- Directed by: Mark Tan
- Written by: James Thoo
- Produced by: Eleanor Low Mark Tan
- Starring: Christien New Juliana Ibrahim Razif Hashim Rahim Razali Farah Putri Justin Chan Megat Sharizal Stephanie Chai
- Music by: San Weng Onn Rabbit
- Distributed by: Sparky Pictures
- Release date: 10 January 2008;
- Running time: 133 minutes
- Country: Malaysia
- Languages: Malay English
- Budget: USD 40,000

= Jarum Halus =

Jarum Halus is a 2008 Malaysian drama film. It is a modern-day adaptation of William Shakespeare's Othello. The film's title (Malay: "Fine Needle") is derived from a Malay idiom meaning web of deceit or conspiracy, which is a major theme in the plot of the film.

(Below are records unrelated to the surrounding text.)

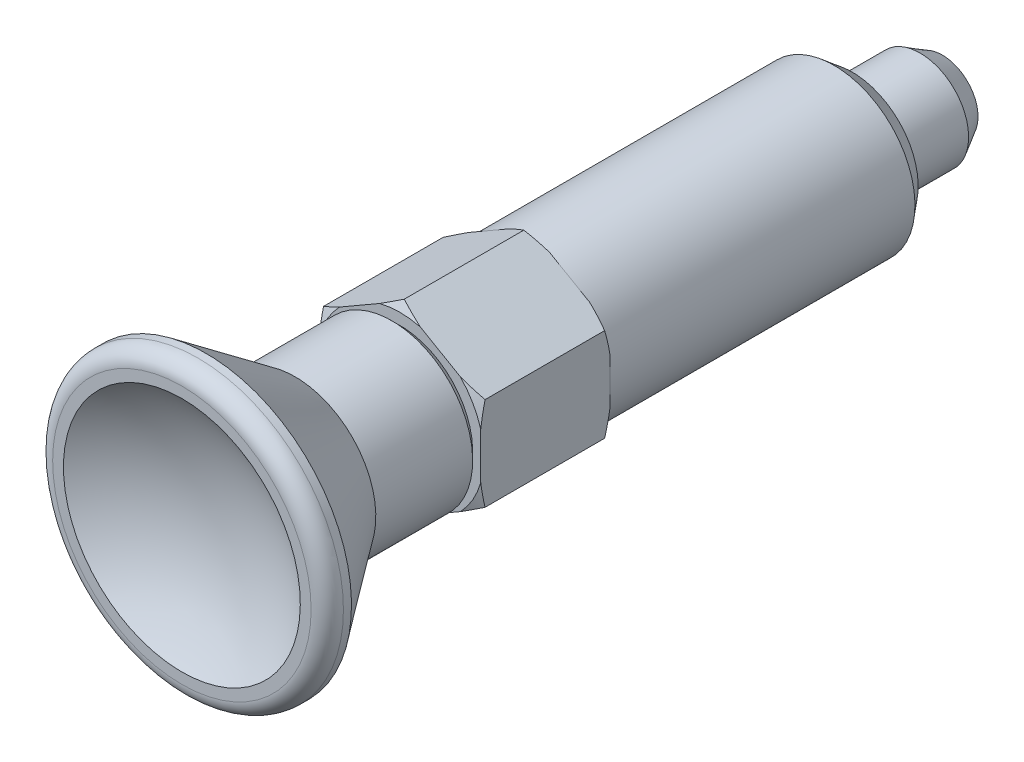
ISO-10303-21;
HEADER;
FILE_DESCRIPTION(('STEP AP214'),'2;1');
FILE_NAME('part.step','',(''),(''),'','','');
FILE_SCHEMA(('AUTOMOTIVE_DESIGN { 1 0 10303 214 1 1 1 1 }'));
ENDSEC;
DATA;
#1=APPLICATION_CONTEXT('core data for automotive mechanical design processes');
#2=APPLICATION_PROTOCOL_DEFINITION('international standard','automotive_design',2000,#1);
#3=PRODUCT_CONTEXT('',#1,'mechanical');
#4=PRODUCT('Part','Part','',(#3));
#5=PRODUCT_RELATED_PRODUCT_CATEGORY('part','',(#4));
#6=PRODUCT_DEFINITION_FORMATION('','',#4);
#7=PRODUCT_DEFINITION_CONTEXT('part definition',#1,'design');
#8=PRODUCT_DEFINITION('design','',#6,#7);
#9=PRODUCT_DEFINITION_SHAPE('','',#8);
#10=(LENGTH_UNIT() NAMED_UNIT(*) SI_UNIT(.MILLI.,.METRE.));
#11=(NAMED_UNIT(*) PLANE_ANGLE_UNIT() SI_UNIT($,.RADIAN.));
#12=(NAMED_UNIT(*) SI_UNIT($,.STERADIAN.) SOLID_ANGLE_UNIT());
#13=UNCERTAINTY_MEASURE_WITH_UNIT(LENGTH_MEASURE(1.E-05),#10,'distance_accuracy_value','');
#14=(GEOMETRIC_REPRESENTATION_CONTEXT(3) GLOBAL_UNCERTAINTY_ASSIGNED_CONTEXT((#13)) GLOBAL_UNIT_ASSIGNED_CONTEXT((#10,
#11,#12)) REPRESENTATION_CONTEXT('',''));
#15=CARTESIAN_POINT('',(0.,0.,0.));
#16=DIRECTION('',(0.,0.,1.));
#17=DIRECTION('',(1.,0.,0.));
#18=AXIS2_PLACEMENT_3D('',#15,#16,#17);
#19=CARTESIAN_POINT('',(0.,0.,0.333098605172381));
#20=DIRECTION('',(0.,0.,1.));
#21=DIRECTION('',(0.,-1.,0.));
#22=AXIS2_PLACEMENT_3D('',#19,#20,#21);
#23=CONICAL_SURFACE('',#22,5.77694370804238,1.04719755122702);
#24=CARTESIAN_POINT('',(5.00000000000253,-1.42828568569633,4.67976352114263E-11));
#25=CARTESIAN_POINT('',(5.00000000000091,-1.55153552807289,0.0195406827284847));
#26=CARTESIAN_POINT('',(5.00000000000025,-1.67440824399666,0.0413696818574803));
#27=CARTESIAN_POINT('',(4.99999999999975,-1.91922440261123,0.0891744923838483));
#28=CARTESIAN_POINT('',(4.99999999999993,-2.04116862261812,0.115146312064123));
#29=CARTESIAN_POINT('',(5.00000000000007,-2.28417102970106,0.170841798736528));
#30=CARTESIAN_POINT('',(5.00000000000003,-2.40522934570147,0.200564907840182));
#31=CARTESIAN_POINT('',(4.99999999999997,-2.64658921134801,0.263399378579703));
#32=CARTESIAN_POINT('',(4.99999999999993,-2.76688992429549,0.296513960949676));
#33=CARTESIAN_POINT('',(5.,-2.88675125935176,0.331111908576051));
#34=B_SPLINE_CURVE_WITH_KNOTS('',3,(#24,#25,#26,#27,#28,#29,#30,#31,#32,#33),.UNSPECIFIED.,.F.,
.F.,(4,2,2,2,4),(0.,0.374326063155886,0.748293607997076,1.12220560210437,1.496476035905),.UNSPECIFIED.);
#35=CARTESIAN_POINT('',(5.,-1.42828568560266,3.34610811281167E-11));
#36=VERTEX_POINT('',#35);
#37=CARTESIAN_POINT('',(5.00000001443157,-2.88675133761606,0.331111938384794));
#38=VERTEX_POINT('',#37);
#39=EDGE_CURVE('E156',#36,#38,#34,.T.);
#40=ORIENTED_EDGE('',*,*,#39,.T.);
#41=CARTESIAN_POINT('',(5.00000000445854,-2.88675130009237,0.331111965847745));
#42=CARTESIAN_POINT('',(4.89619705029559,-2.94668199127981,0.296513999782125));
#43=CARTESIAN_POINT('',(4.79201357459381,-3.00683236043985,0.263399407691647));
#44=CARTESIAN_POINT('',(4.58298978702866,-3.12751230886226,0.200564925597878));
#45=CARTESIAN_POINT('',(4.47815019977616,-3.18804146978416,0.170841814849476));
#46=CARTESIAN_POINT('',(4.26770392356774,-3.30954268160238,0.115146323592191));
#47=CARTESIAN_POINT('',(4.16209712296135,-3.37051479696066,0.089174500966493));
#48=CARTESIAN_POINT('',(3.95008009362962,-3.49292288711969,0.0413696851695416));
#49=CARTESIAN_POINT('',(3.84366919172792,-3.554359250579,0.0195406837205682));
#50=CARTESIAN_POINT('',(3.73693168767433,-3.61598417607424,4.82478640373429E-11));
#51=B_SPLINE_CURVE_WITH_KNOTS('',3,(#41,#42,#43,#44,#45,#46,#47,#48,#49,#50),.UNSPECIFIED.,.F.,
.F.,(4,2,2,2,4),(0.,0.374270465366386,0.748182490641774,1.12215006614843,1.49647616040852),.UNSPECIFIED.);
#52=CARTESIAN_POINT('',(3.73693168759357,-3.61598417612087,3.34610811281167E-11));
#53=VERTEX_POINT('',#52);
#54=EDGE_CURVE('E165',#38,#53,#51,.T.);
#55=ORIENTED_EDGE('',*,*,#54,.T.);
#56=CARTESIAN_POINT('',(0.,0.,1.86448079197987E-11));
#57=DIRECTION('',(0.,0.,1.));
#58=DIRECTION('',(0.,-1.,0.));
#59=AXIS2_PLACEMENT_3D('',#56,#57,#58);
#60=CIRCLE('',#59,5.19999999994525);
#61=EDGE_CURVE('E169',#36,#53,#60,.F.);
#62=ORIENTED_EDGE('',*,*,#61,.F.);
#63=EDGE_LOOP('',(#40,#55,#62));
#64=FACE_BOUND('',#63,.T.);
#65=ADVANCED_FACE('F14',(#64),#23,.T.);
#66=CARTESIAN_POINT('',(0.,0.,0.333098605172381));
#67=DIRECTION('',(0.,0.,1.));
#68=DIRECTION('',(0.,-1.,0.));
#69=AXIS2_PLACEMENT_3D('',#66,#67,#68);
#70=CONICAL_SURFACE('',#69,5.77694370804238,1.04719755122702);
#71=CARTESIAN_POINT('',(1.26306831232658,-5.04426986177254,4.67976352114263E-11));
#72=CARTESIAN_POINT('',(1.15633081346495,-5.10589478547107,0.0195406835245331));
#73=CARTESIAN_POINT('',(1.04991991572,-5.16733114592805,0.0413696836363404));
#74=CARTESIAN_POINT('',(0.837902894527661,-5.28973923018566,0.0891744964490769));
#75=CARTESIAN_POINT('',(0.732296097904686,-5.3507113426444,0.115146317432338));
#76=CARTESIAN_POINT('',(0.521849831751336,-5.47221255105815,0.170841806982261));
#77=CARTESIAN_POINT('',(0.417010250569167,-5.53274171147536,0.200564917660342));
#78=CARTESIAN_POINT('',(0.207986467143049,-5.65342164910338,0.26339939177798));
#79=CARTESIAN_POINT('',(0.103802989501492,-5.7135720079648,0.29651397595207));
#80=CARTESIAN_POINT('',(2.4305155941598E-08,-5.77350267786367,0.331111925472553));
#81=B_SPLINE_CURVE_WITH_KNOTS('',3,(#71,#72,#73,#74,#75,#76,#77,#78,#79,#80),.UNSPECIFIED.,.F.,
.F.,(4,2,2,2,4),(0.,0.374326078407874,0.748293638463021,1.12220564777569,1.49647609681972),.UNSPECIFIED.);
#82=CARTESIAN_POINT('',(1.26306831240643,-5.04426986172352,3.34610811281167E-11));
#83=VERTEX_POINT('',#82);
#84=CARTESIAN_POINT('',(-1.15423198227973E-08,-5.7735026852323,0.331111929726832));
#85=VERTEX_POINT('',#84);
#86=EDGE_CURVE('E876',#83,#85,#81,.T.);
#87=ORIENTED_EDGE('',*,*,#86,.T.);
#88=CARTESIAN_POINT('',(-1.65437970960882E-08,-5.77350266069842,0.331111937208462));
#89=CARTESIAN_POINT('',(-0.103802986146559,-5.71357200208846,0.29651398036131));
#90=CARTESIAN_POINT('',(-0.20798646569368,-5.65342164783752,0.263399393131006));
#91=CARTESIAN_POINT('',(-0.417010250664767,-5.5327417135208,0.200564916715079));
#92=CARTESIAN_POINT('',(-0.521849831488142,-5.47221255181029,0.170841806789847));
#93=CARTESIAN_POINT('',(-0.732296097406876,-5.35071134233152,0.115146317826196));
#94=CARTESIAN_POINT('',(-0.83790289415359,-5.28973923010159,0.0891744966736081));
#95=CARTESIAN_POINT('',(-1.04991991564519,-5.16733114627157,0.0413696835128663));
#96=CARTESIAN_POINT('',(-1.156330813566,-5.10589478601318,0.0195406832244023));
#97=CARTESIAN_POINT('',(-1.26306831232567,-5.04426986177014,4.8246129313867E-11));
#98=B_SPLINE_CURVE_WITH_KNOTS('',3,(#88,#89,#90,#91,#92,#93,#94,#95,#96,#97),.UNSPECIFIED.,.F.,
.F.,(4,2,2,2,4),(0.,0.374270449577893,0.748182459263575,1.12215001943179,1.49647609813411),.UNSPECIFIED.);
#99=CARTESIAN_POINT('',(-1.26306831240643,-5.04426986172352,3.34593464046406E-11));
#100=VERTEX_POINT('',#99);
#101=EDGE_CURVE('E875',#85,#100,#98,.T.);
#102=ORIENTED_EDGE('',*,*,#101,.T.);
#103=CARTESIAN_POINT('',(0.,0.,1.86448079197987E-11));
#104=DIRECTION('',(0.,0.,1.));
#105=DIRECTION('',(0.,-1.,0.));
#106=AXIS2_PLACEMENT_3D('',#103,#104,#105);
#107=CIRCLE('',#106,5.19999999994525);
#108=EDGE_CURVE('E757',#83,#100,#107,.F.);
#109=ORIENTED_EDGE('',*,*,#108,.F.);
#110=EDGE_LOOP('',(#87,#102,#109));
#111=FACE_BOUND('',#110,.T.);
#112=ADVANCED_FACE('F573',(#111),#70,.T.);
#113=CARTESIAN_POINT('',(0.,0.,0.333098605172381));
#114=DIRECTION('',(0.,0.,1.));
#115=DIRECTION('',(0.,-1.,0.));
#116=AXIS2_PLACEMENT_3D('',#113,#114,#115);
#117=CONICAL_SURFACE('',#116,5.77694370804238,1.04719755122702);
#118=CARTESIAN_POINT('',(-4.99999996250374,-2.8867513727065,0.331111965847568));
#119=CARTESIAN_POINT('',(-4.99999998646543,-2.76689003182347,0.29651399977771));
#120=CARTESIAN_POINT('',(-4.99999999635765,-2.646589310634,0.263399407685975));
#121=CARTESIAN_POINT('',(-5.00000000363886,-2.4052294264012,0.200564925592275));
#122=CARTESIAN_POINT('',(-5.00000000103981,-2.2841711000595,0.170841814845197));
#123=CARTESIAN_POINT('',(-4.99999999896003,-2.04116867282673,0.115146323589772));
#124=CARTESIAN_POINT('',(-4.99999999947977,-1.91922444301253,0.0891745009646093));
#125=CARTESIAN_POINT('',(-5.00000000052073,-1.67440826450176,0.0413696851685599));
#126=CARTESIAN_POINT('',(-5.00000000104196,-1.55153553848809,0.019540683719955));
#127=CARTESIAN_POINT('',(-5.,-1.42828568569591,4.82478640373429E-11));
#128=B_SPLINE_CURVE_WITH_KNOTS('',3,(#118,#119,#120,#121,#122,#123,#124,#125,#126,#127),
.UNSPECIFIED.,.F.,.F.,(4,2,2,2,4),(0.,0.374270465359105,0.748182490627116,1.12215006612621,
1.49647616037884),.UNSPECIFIED.);
#129=CARTESIAN_POINT('',(-5.,-2.88675136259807,0.331111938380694));
#130=VERTEX_POINT('',#129);
#131=CARTESIAN_POINT('',(-5.,-1.42828568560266,3.34593464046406E-11));
#132=VERTEX_POINT('',#131);
#133=EDGE_CURVE('E809',#130,#132,#128,.T.);
#134=ORIENTED_EDGE('',*,*,#133,.T.);
#135=CARTESIAN_POINT('',(0.,0.,1.86448079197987E-11));
#136=DIRECTION('',(0.,0.,1.));
#137=DIRECTION('',(0.,-1.,0.));
#138=AXIS2_PLACEMENT_3D('',#135,#136,#137);
#139=CIRCLE('',#138,5.19999999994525);
#140=CARTESIAN_POINT('',(-3.73693168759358,-3.61598417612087,3.34593464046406E-11));
#141=VERTEX_POINT('',#140);
#142=EDGE_CURVE('E754',#141,#132,#139,.F.);
#143=ORIENTED_EDGE('',*,*,#142,.F.);
#144=CARTESIAN_POINT('',(-3.73693168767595,-3.61598417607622,4.67976352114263E-11));
#145=CARTESIAN_POINT('',(-3.84366918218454,-3.5543592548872,0.0195406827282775));
#146=CARTESIAN_POINT('',(-3.95008007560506,-3.49292289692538,0.0413696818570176));
#147=CARTESIAN_POINT('',(-4.16209708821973,-3.37051481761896,0.0891744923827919));
#148=CARTESIAN_POINT('',(-4.26770388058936,-3.3095427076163,0.115146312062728));
#149=CARTESIAN_POINT('',(-4.47815013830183,-3.18804150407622,0.170841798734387));
#150=CARTESIAN_POINT('',(-4.58298971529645,-3.12751234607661,0.200564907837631));
#151=CARTESIAN_POINT('',(-4.79201349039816,-3.00683241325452,0.263399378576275));
#152=CARTESIAN_POINT('',(-4.89619696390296,-2.94668205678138,0.29651396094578));
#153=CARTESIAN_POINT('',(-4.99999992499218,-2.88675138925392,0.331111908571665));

The plot remains faithful to the source material, with the cast all taking their Shakespearian counterparts either in name, character or both.

== Production ==
It is the directorial debut of Mark Tan, who originally envisioned the project as a short film for his final project when studying film at Warwick University in the United Kingdom. When returning to his native Malaysia, the short film was used as a means to attract funding for a feature-length project. When a deal was agreed and a script finalised, the quality attracted Malaysian veteran actor Dato Rahim Razali, who agreed to a role on a significantly reduced salary.

==Reception==
The film received a limited release in January 2008 was released to favourable reviews, with several references to its visual boldness and dynamic mixture of eastern values with western storytelling. It combines both the English and Malay languages in a style typical of urban Malaysian speech.

Jarum Halus won the "Best Digital Film" category in the 20th Malaysia Film Festival on the same year.

==Cast==
- Christien New as Daniel Oh (based on Othello)
- Juliana Ibrahim as Mona (based on Desdemona)
- Razif Hashim as Iskandar (based on Iago)
- Rahim Razali as Datuk Kalel (based on Lodovico)
- Justin Chan as Michael (based on Cassio)
- Farah Putri as Emilia (based on Emilia)
- Megat Sharizal as Rahim (based on Roderigo)
- Stephanie Chai as Bianca (based on Bianca)

The film features cameo appearances by Douglas Lim, Colin Kirton and Yasmin Yusoff.